Participating in regular exercise and being physical active is recommended for all adults³⁸. The negative health consequences of failing to meet adequate levels of physical activity are myriad and include a greater risk of COVID-19 leading to hospitalization and death³⁹. Whether physical activity levels impact the efficacy of prophylactic immune response to SARS-CoV-2 vaccination is not clear, but there is growing evidence that regular physical activity increases the efficacy of vaccination¹⁶. While we did not observe a statistically significant effect of physical activity on the magnitude of S1 (p = 0.127), RBD (p = 0.081), and S2 (p = 0.120) antibodies following SARS-CoV-2 mRNA vaccination, in our a priori power analysis we assumed a moderate effect size (f² = 0.15) between our predictor and outcome variables which may have overestimated the relationship between physical activity and antibody responses resulting in the current study being slightly underpowered to identify a statistically significant effect.

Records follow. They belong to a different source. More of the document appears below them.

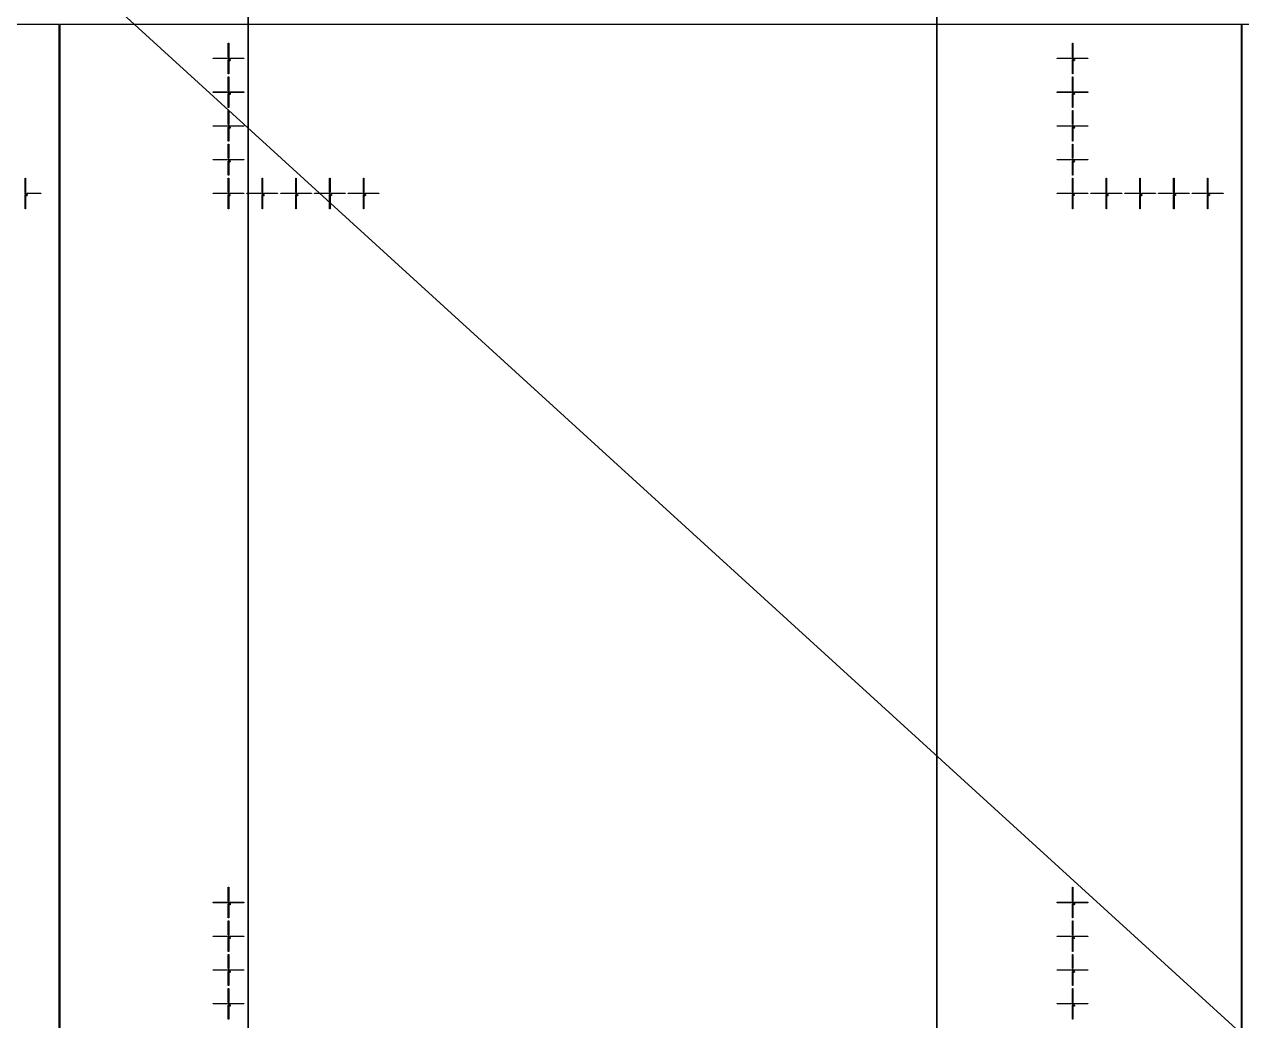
# Model space of a CAD drawing. Extents: x -25400 to 25400, y -24113 to 25400.
# Drawn here: x 7017 to 14228, y -12893 to -6992 of the extents above; entities that cross this region are included whole.
import ezdxf

# ---------------------------------------------------------------- set-up
doc = ezdxf.new("R2010")
doc.units = 0
for name, color, linetype in [('L0D0', 2, 'CONTINUOUS'), ('L1D0', 3, 'CONTINUOUS'), ('L3D0', 4, 'CONTINUOUS')]:
    doc.layers.add(name, color=color, linetype=linetype)

msp = doc.modelspace()

# ---------------------------------------------------------------- linework, layer by layer
at = {"layer": 'L0D0'}
msp.add_lwpolyline([(4251.735, -24112.788), (0, 0), (0, 14018.85), (7213, 14018.85), (7213, 14016), (8342.854, 14016), (8342.854, -23990.765), (8299.673, -24005.737), (8256.466, -24020.632), (8213.232, -24035.449), (8169.972, -24050.188), (8126.685, -24064.85), (8083.372, -24079.433), (8040.032, -24093.939), (7996.667, -24108.366), (7983.296, -24112.788)], close=True, dxfattribs=at)
for points in [[(8342.854, -23990.765), (8342.854, 14016)], [(12421.944, 14016), (12421.944, -22155.255)], [(12421.944, -22155.255), (12421.944, 14016)], [(10207.408, -20499.239), (0, 0), (16923.304, -15427.63)], [(16923.304, -15427.63), (0, 0), (21353.614, -8272.434)]]:
    msp.add_lwpolyline(points, dxfattribs=at)
at = {"layer": 'L1D0'}
for points in [[(8225.25, -7185.15), (8225.25, -7102.15), (8227.75, -7102.15), (8227.75, -7185.15)], [(13225.25, -7185.15), (13225.25, -7102.15), (13227.75, -7102.15), (13227.75, -7185.15)], [(8135.5, -7194.4), (8135.5, -7191.9), (8218.5, -7191.9), (8218.5, -7194.4)], [(8226.3, -7198.15), (8226.3, -7193.35), (8221.5, -7193.35), (8221.5, -7192.95), (8226.3, -7192.95), (8226.3, -7188.15), (8226.7, -7188.15), (8226.7, -7192.95), (8231.5, -7192.95), (8231.5, -7193.35), (8226.7, -7193.35), (8226.7, -7198.15)], [(8225.25, -7284.15), (8225.25, -7201.15), (8227.75, -7201.15), (8227.75, -7284.15)], [(8232.5, -7203.706), (8232.5, -7200.15), (8236.944, -7200.15), (8236.944, -7201.039), (8233.389, -7201.039), (8233.389, -7202.817), (8236.056, -7202.817), (8236.056, -7203.706)], [(8232.5, -7206.372), (8232.5, -7205.483), (8236.056, -7205.483), (8236.056, -7206.372)], [(8234.5, -7194.4), (8234.5, -7191.9), (8317.5, -7191.9), (8317.5, -7194.4)], [(8236.056, -7205.483), (8236.056, -7203.706), (8236.944, -7203.706), (8236.944, -7205.483)], [(13135.5, -7194.4), (13135.5, -7191.9), (13218.5, -7191.9), (13218.5, -7194.4)], [(13226.3, -7198.15), (13226.3, -7193.35), (13221.5, -7193.35), (13221.5, -7192.95), (13226.3, -7192.95), (13226.3, -7188.15), (13226.7, -7188.15), (13226.7, -7192.95), (13231.5, -7192.95), (13231.5, -7193.35), (13226.7, -7193.35), (13226.7, -7198.15)], [(13225.25, -7284.15), (13225.25, -7201.15), (13227.75, -7201.15), (13227.75, -7284.15)], [(13232.5, -7203.706), (13232.5, -7200.15), (13236.944, -7200.15), (13236.944, -7201.039), (13233.389, -7201.039), (13233.389, -7202.817), (13236.056, -7202.817), (13236.056, -7203.706)], [(13232.5, -7206.372), (13232.5, -7205.483), (13236.056, -7205.483), (13236.056, -7206.372)], [(13234.5, -7194.4), (13234.5, -7191.9), (13317.5, -7191.9), (13317.5, -7194.4)], [(13236.056, -7205.483), (13236.056, -7203.706), (13236.944, -7203.706), (13236.944, -7205.483)], [(8225.25, -7385.15), (8225.25, -7302.15), (8227.75, -7302.15), (8227.75, -7385.15)], [(13225.25, -7385.15), (13225.25, -7302.15), (13227.75, -7302.15), (13227.75, -7385.15)], [(8135.5, -7394.4), (8135.5, -7391.9), (8218.5, -7391.9), (8218.5, -7394.4)], [(8226.3, -7398.15), (8226.3, -7393.35), (8221.5, -7393.35), (8221.5, -7392.95), (8226.3, -7392.95), (8226.3, -7388.15), (8226.7, -7388.15), (8226.7, -7392.95), (8231.5, -7392.95), (8231.5, -7393.35), (8226.7, -7393.35), (8226.7, -7398.15)], [(8225.25, -7484.15), (8225.25, -7401.15), (8227.75, -7401.15), (8227.75, -7484.15)], [(8235.167, -7406.372), (8235.167, -7404.594), (8232.5, -7404.594), (8232.5, -7402.817), (8233.389, -7402.817), (8233.389, -7403.706), (8235.167, -7403.706), (8235.167, -7401.039), (8234.278, -7401.039), (8234.278, -7400.15), (8236.056, -7400.15), (8236.056, -7403.706), (8236.944, -7403.706), (8236.944, -7404.594), (8236.056, -7404.594), (8236.056, -7406.372)], [(8233.389, -7402.817), (8233.389, -7401.039), (8234.278, -7401.039), (8234.278, -7402.817)], [(8234.5, -7394.4), (8234.5, -7391.9), (8317.5, -7391.9), (8317.5, -7394.4)], [(13135.5, -7394.4), (13135.5, -7391.9), (13218.5, -7391.9), (13218.5, -7394.4)], [(13226.3, -7398.15), (13226.3, -7393.35), (13221.5, -7393.35), (13221.5, -7392.95), (13226.3, -7392.95), (13226.3, -7388.15), (13226.7, -7388.15), (13226.7, -7392.95), (13231.5, -7392.95), (13231.5, -7393.35), (13226.7, -7393.35), (13226.7, -7398.15)], [(13225.25, -7484.15), (13225.25, -7401.15), (13227.75, -7401.15), (13227.75, -7484.15)], [(13235.167, -7406.372), (13235.167, -7404.594), (13232.5, -7404.594), (13232.5, -7402.817), (13233.389, -7402.817), (13233.389, -7403.706), (13235.167, -7403.706), (13235.167, -7401.039), (13234.278, -7401.039), (13234.278, -7400.15), (13236.056, -7400.15), (13236.056, -7403.706), (13236.944, -7403.706), (13236.944, -7404.594), (13236.056, -7404.594), (13236.056, -7406.372)], [(13233.389, -7402.817), (13233.389, -7401.039), (13234.278, -7401.039), (13234.278, -7402.817)], [(13234.5, -7394.4), (13234.5, -7391.9), (13317.5, -7391.9), (13317.5, -7394.4)], [(8225.25, -7585.15), (8225.25, -7502.15), (8227.75, -7502.15), (8227.75, -7585.15)], [(13225.25, -7585.15), (13225.25, -7502.15), (13227.75, -7502.15), (13227.75, -7585.15)], [(8135.5, -7594.4), (8135.5, -7591.9), (8218.5, -7591.9), (8218.5, -7594.4)], [(8226.3, -7598.15), (8226.3, -7593.35), (8221.5, -7593.35), (8221.5, -7592.95), (8226.3, -7592.95), (8226.3, -7588.15), (8226.7, -7588.15), (8226.7, -7592.95), (8231.5, -7592.95), (8231.5, -7593.35), (8226.7, -7593.35), (8226.7, -7598.15)], [(8225.25, -7684.15), (8225.25, -7601.15), (8227.75, -7601.15), (8227.75, -7684.15)], [(8232.5, -7601.039), (8232.5, -7600.15), (8236.056, -7600.15), (8236.056, -7601.039)], [(8232.5, -7606.372), (8232.5, -7605.483), (8236.056, -7605.483), (8236.056, -7606.372)], [(8233.389, -7603.706), (8233.389, -7602.817), (8236.056, -7602.817), (8236.056, -7603.706)], [(8234.5, -7594.4), (8234.5, -7591.9), (8317.5, -7591.9), (8317.5, -7594.4)], [(8236.056, -7602.817), (8236.056, -7601.039), (8236.944, -7601.039), (8236.944, -7602.817)], [(8236.056, -7605.483), (8236.056, -7603.706), (8236.944, -7603.706), (8236.944, -7605.483)], [(13135.5, -7594.4), (13135.5, -7591.9), (13218.5, -7591.9), (13218.5, -7594.4)], [(13226.3, -7598.15), (13226.3, -7593.35), (13221.5, -7593.35), (13221.5, -7592.95), (13226.3, -7592.95), (13226.3, -7588.15), (13226.7, -7588.15), (13226.7, -7592.95), (13231.5, -7592.95), (13231.5, -7593.35), (13226.7, -7593.35), (13226.7, -7598.15)], [(13225.25, -7684.15), (13225.25, -7601.15), (13227.75, -7601.15), (13227.75, -7684.15)], [(13232.5, -7601.039), (13232.5, -7600.15), (13236.056, -7600.15), (13236.056, -7601.039)], [(13232.5, -7606.372), (13232.5, -7605.483), (13236.056, -7605.483), (13236.056, -7606.372)], [(13233.389, -7603.706), (13233.389, -7602.817), (13236.056, -7602.817), (13236.056, -7603.706)], [(13234.5, -7594.4), (13234.5, -7591.9), (13317.5, -7591.9), (13317.5, -7594.4)], [(13236.056, -7602.817), (13236.056, -7601.039), (13236.944, -7601.039), (13236.944, -7602.817)], [(13236.056, -7605.483), (13236.056, -7603.706), (13236.944, -7603.706), (13236.944, -7605.483)], [(8225.25, -7785.15), (8225.25, -7702.15), (8227.75, -7702.15), (8227.75, -7785.15)], [(13225.25, -7785.15), (13225.25, -7702.15), (13227.75, -7702.15), (13227.75, -7785.15)], [(8135.5, -7794.4), (8135.5, -7791.9), (8218.5, -7791.9), (8218.5, -7794.4)], [(8226.3, -7798.15), (8226.3, -7793.35), (8221.5, -7793.35), (8221.5, -7792.95), (8226.3, -7792.95), (8226.3, -7788.15), (8226.7, -7788.15), (8226.7, -7792.95), (8231.5, -7792.95), (8231.5, -7793.35), (8226.7, -7793.35), (8226.7, -7798.15)], [(8225.25, -7884.15), (8225.25, -7801.15), (8227.75, -7801.15), (8227.75, -7884.15)], [(8232.5, -7801.928), (8232.5, -7801.039), (8233.389, -7801.039), (8233.389, -7801.928)], [(8232.5, -7806.372), (8232.5, -7804.594), (8233.389, -7804.594), (8233.389, -7805.483), (8236.944, -7805.483), (8236.944, -7806.372)], [(8233.389, -7801.039), (8233.389, -7800.15), (8236.056, -7800.15), (8236.056, -7801.039)], [(8233.389, -7804.594), (8233.389, -7803.706), (8235.167, -7803.706), (8235.167, -7804.594)], [(8234.5, -7794.4), (8234.5, -7791.9), (8317.5, -7791.9), (8317.5, -7794.4)], [(8235.167, -7803.706), (8235.167, -7802.817), (8236.056, -7802.817), (8236.056, -7803.706)], [(8236.056, -7802.817), (8236.056, -7801.039), (8236.944, -7801.039), (8236.944, -7802.817)], [(13135.5, -7794.4), (13135.5, -7791.9), (13218.5, -7791.9), (13218.5, -7794.4)], [(13226.3, -7798.15), (13226.3, -7793.35), (13221.5, -7793.35), (13221.5, -7792.95), (13226.3, -7792.95), (13226.3, -7788.15), (13226.7, -7788.15), (13226.7, -7792.95), (13231.5, -7792.95), (13231.5, -7793.35), (13226.7, -7793.35), (13226.7, -7798.15)], [(13225.25, -7884.15), (13225.25, -7801.15), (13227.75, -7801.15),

Though not statistically significant, there was a positive effect of the average time spent being physical active on the magnitude of antibody response for S1 (β = 0.27), RBD (β = 0.19), and S2 (β = 0.23) suggesting that physical activity may be of practical significance for improving an individual’s antibody response following vaccination. In support of this, previously sedentary aged adults (~ 70 years) who were randomly assigned to a sham intervention had poorer influenza vaccine responses, while those assigned to a cardiovascular exercise program had a significantly greater seroprotection rate at 24 weeks after vaccination⁴⁰. Also, in a recent preprint, individuals who were more physically active had a greater S1/S2 antibody response following vaccination with an inactivated SARS-CoV-2 virus vaccine (CoronaVac)⁴¹. The current study builds upon these findings by suggesting that increasing an individual’s weekly physical activity may potentially improve the antibody response following mRNA vaccinations as well.

Conclusions

With the increasing number of SARS-CoV-2 infections and variants, along with the known waning effects of vaccination, future mRNA vaccinations such as boosters are encouraged to sustain immunity. Our findings demonstrate that as %BF increases there is a decreased efficacy of SARS-CoV-2 mRNA vaccination, characterized as decreased S1, S2, and RBD antibodies present in the serum, which can lead to a greater risk of contracting SARS-CoV-2 and developing COVID-19 regardless of the individual’s age, type of mRNA vaccine received, and time since vaccination. Therefore, decreasing excess body fat may be an effective strategy to improve the prophylactic immune response following mRNA vaccination. In addition, increased physical activity may be a beneficial strategy to improve the antibody response following mRNA vaccination, but more research is warranted with larger sample sizes to substantiate this effect. These findings highlight several behavioral changes (reducing excess body fat and increasing physical activity) that individuals can take that may improve the efficacy of SARS-CoV-2 mRNA vaccination.